__Assigned task__: Below, find the line containing "point P7 (35, -2.5)" and the line containing "line L4 (412.75, -66.0717)"; reproduce exactly those two and every line between them, omitting pictures.

Data records:
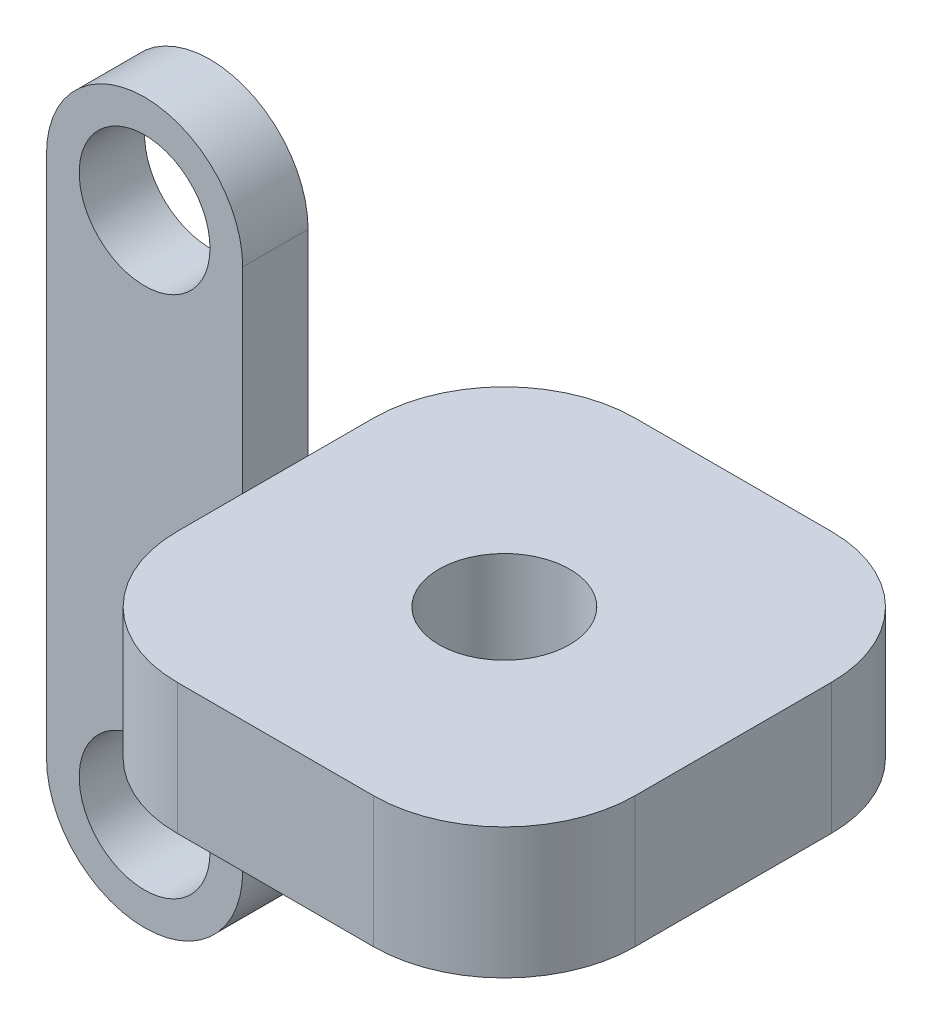
SolidWorks part; units mm, degrees
ref_plane "前视基准面" through (0, 0, 0) normal (0, 0, 1) x (1, 0, 0)
ref_plane "上视基准面" through (0, 0, 0) normal (0, 1, 0) x (1, 0, 0)
ref_plane "右视基准面" through (0, 0, 0) normal (1, 0, 0) x (0, 0, -1)
other "Configuration Table"
sketch "草图1" plane through (0, 0, 0) normal (0, 0, 1) x (1, 0, 0)
  line L0 (-7.5, 20) -> (-7.5, -20) construction
  line L1 (0, 20) -> (0, -20)
  line L2 (-15, 20) -> (-15, -20)
  arc A0 (0, 20) -> (-15, 20) centre (-7.5, 20) ccw
  arc A1 (-15, -20) -> (0, -20) centre (-7.5, -20) ccw
  point P2 (-7.5, 0)
  point P7 (0, 0)
  dimension "D2" = 7.5
  dimension "D1" = 40
extrude "凸台-拉伸1" add sketch "草图1" along normal blind 5
sketch "草图2" plane through (0, 0, 5) normal (0, 0, 1) x (1, 0, 0)
  circle A0 centre (-7.5, 20) radius 5
  circle A1 centre (-7.5, -20) radius 5
  dimension "D1" = 10
extrude "切除-拉伸1" cut sketch "草图2" against normal through all
sketch "草图3" plane through (0, 0, 0) normal (0, 1, 0) x (1, 0, 0)
  line L0 (0, 0) -> (-15, 0) construction
  line L1 (0, 15) -> (35, 15)
  line L2 (0, 15) -> (0, -20)
  line L3 (0, -20) -> (35, -20)
  line L4 (35, 15) -> (35, -20)
  line L5 (-15, -5) -> (0, -5) construction
  dimension "D1" = 15
  dimension "D2" = 15
  dimension "D3" = 35
extrude "凸台-拉伸2" add sketch "草图3" along normal mid plane 10
fillet "圆角1" radius 10 4 edges at (0, 0, -15) (35, 0, -15) (0, 0, 20) (35, 0, 20)
sketch "草图4" plane through (0, 5, 0) normal (0, 1, 0) x (1, 0, 0)
  line L0 (25, 15) -> (10, 15) construction
  line L1 (35, -10) -> (35, 5) construction
  circle A0 centre (17.5, -2.5) radius 5
  point P4 (17.5, 15)
  point P7 (35, -2.5)
  dimension "D1" = 10
extrude "切除-拉伸2" cut sketch "草图4" against normal through all
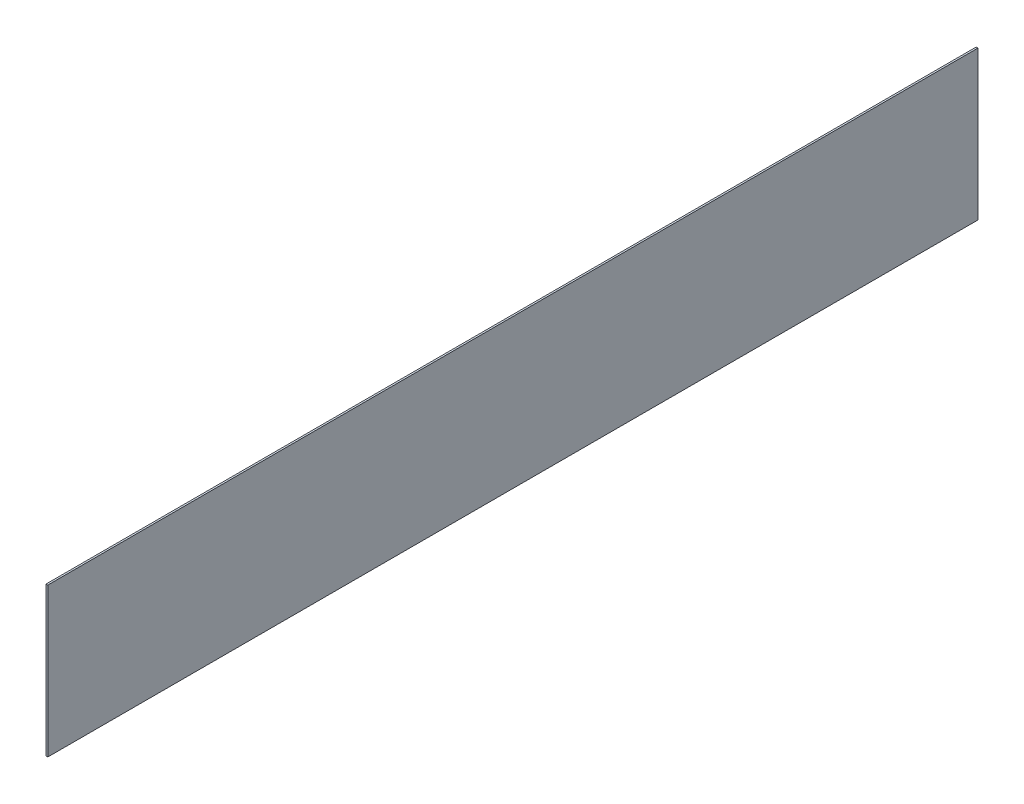
SolidWorks part; units mm, degrees
ref_plane "Front Plane" through (0, 0, 0) normal (0, 0, 1) x (1, 0, 0)
ref_plane "Top Plane" through (0, 0, 0) normal (0, 1, 0) x (1, 0, 0)
ref_plane "Right Plane" through (0, 0, 0) normal (1, 0, 0) x (0, 0, -1)
sketch "Sketch1" plane through (0, 0, 0) normal (1, 0, 0) x (0, 0, -1)
  line L1 (-412.75, -66.0717) -> (412.75, -66.0717)
  line L2 (-412.75, -66.0717) -> (-412.75, 66.0717)
  line L3 (-412.75, 66.0717) -> (412.75, 66.0717)
  line L4 (412.75, -66.0717) -> (412.75, 66.0717)
  line L5 (-412.75, -66.0717) -> (412.75, 66.0717) construction
  line L6 (-412.75, 66.0717) -> (412.75, -66.0717) construction
  point P0 (0, 0)
  dimension "D1" = 132.1435
  dimension "D2" = 825.5
extrude "Boss-Extrude1" add sketch "Sketch1" along normal blind 1.5875

__Problem solution__:
  point P7 (35, -2.5)
  dimension "D1" = 10
extrude "切除-拉伸2" cut sketch "草图4" against normal through all
SolidWorks part; units mm, degrees
ref_plane "Front Plane" through (0, 0, 0) normal (0, 0, 1) x (1, 0, 0)
ref_plane "Top Plane" through (0, 0, 0) normal (0, 1, 0) x (1, 0, 0)
ref_plane "Right Plane" through (0, 0, 0) normal (1, 0, 0) x (0, 0, -1)
sketch "Sketch1" plane through (0, 0, 0) normal (1, 0, 0) x (0, 0, -1)
  line L1 (-412.75, -66.0717) -> (412.75, -66.0717)
  line L2 (-412.75, -66.0717) -> (-412.75, 66.0717)
  line L3 (-412.75, 66.0717) -> (412.75, 66.0717)
  line L4 (412.75, -66.0717) -> (412.75, 66.0717)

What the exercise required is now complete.